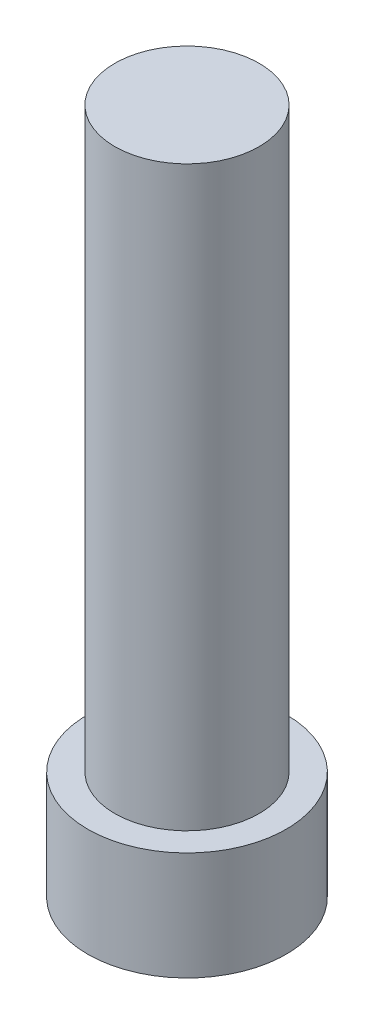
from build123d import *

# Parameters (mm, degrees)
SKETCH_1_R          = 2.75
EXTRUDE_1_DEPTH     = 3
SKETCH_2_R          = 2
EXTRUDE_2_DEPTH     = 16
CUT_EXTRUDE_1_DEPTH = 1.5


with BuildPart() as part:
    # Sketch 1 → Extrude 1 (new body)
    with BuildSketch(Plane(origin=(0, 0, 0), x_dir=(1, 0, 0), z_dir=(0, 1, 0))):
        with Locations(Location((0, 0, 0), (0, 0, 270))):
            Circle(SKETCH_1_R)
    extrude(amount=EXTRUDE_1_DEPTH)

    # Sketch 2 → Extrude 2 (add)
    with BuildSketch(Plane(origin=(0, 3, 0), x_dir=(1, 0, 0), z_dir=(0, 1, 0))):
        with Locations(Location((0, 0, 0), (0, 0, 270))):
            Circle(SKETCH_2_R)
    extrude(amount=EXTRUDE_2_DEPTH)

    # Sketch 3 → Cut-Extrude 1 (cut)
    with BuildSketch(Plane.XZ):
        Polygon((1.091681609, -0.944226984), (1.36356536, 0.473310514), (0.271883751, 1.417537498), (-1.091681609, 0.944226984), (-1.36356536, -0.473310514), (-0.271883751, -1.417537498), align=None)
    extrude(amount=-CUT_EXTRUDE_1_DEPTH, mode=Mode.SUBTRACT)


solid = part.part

━━━━━━━━━━━━━━━━

→ Exercise brief
From the first line above to the line containing "extrude(amount=-CUT_EXTRUDE_1_DEPTH, mode=Mode.SUBTRACT)", repeat each line exactly. Pictures stay out.

→ Solution to this task
from build123d import *

# Parameters (mm, degrees)
SKETCH_1_R          = 2.75
EXTRUDE_1_DEPTH     = 3
SKETCH_2_R          = 2
EXTRUDE_2_DEPTH     = 16
CUT_EXTRUDE_1_DEPTH = 1.5


with BuildPart() as part:
    # Sketch 1 → Extrude 1 (new body)
    with BuildSketch(Plane(origin=(0, 0, 0), x_dir=(1, 0, 0), z_dir=(0, 1, 0))):
        with Locations(Location((0, 0, 0), (0, 0, 270))):
            Circle(SKETCH_1_R)
    extrude(amount=EXTRUDE_1_DEPTH)

    # Sketch 2 → Extrude 2 (add)
    with BuildSketch(Plane(origin=(0, 3, 0), x_dir=(1, 0, 0), z_dir=(0, 1, 0))):
        with Locations(Location((0, 0, 0), (0, 0, 270))):
            Circle(SKETCH_2_R)
    extrude(amount=EXTRUDE_2_DEPTH)

    # Sketch 3 → Cut-Extrude 1 (cut)
    with BuildSketch(Plane.XZ):
        Polygon((1.091681609, -0.944226984), (1.36356536, 0.473310514), (0.271883751, 1.417537498), (-1.091681609, 0.944226984), (-1.36356536, -0.473310514), (-0.271883751, -1.417537498), align=None)
    extrude(amount=-CUT_EXTRUDE_1_DEPTH, mode=Mode.SUBTRACT)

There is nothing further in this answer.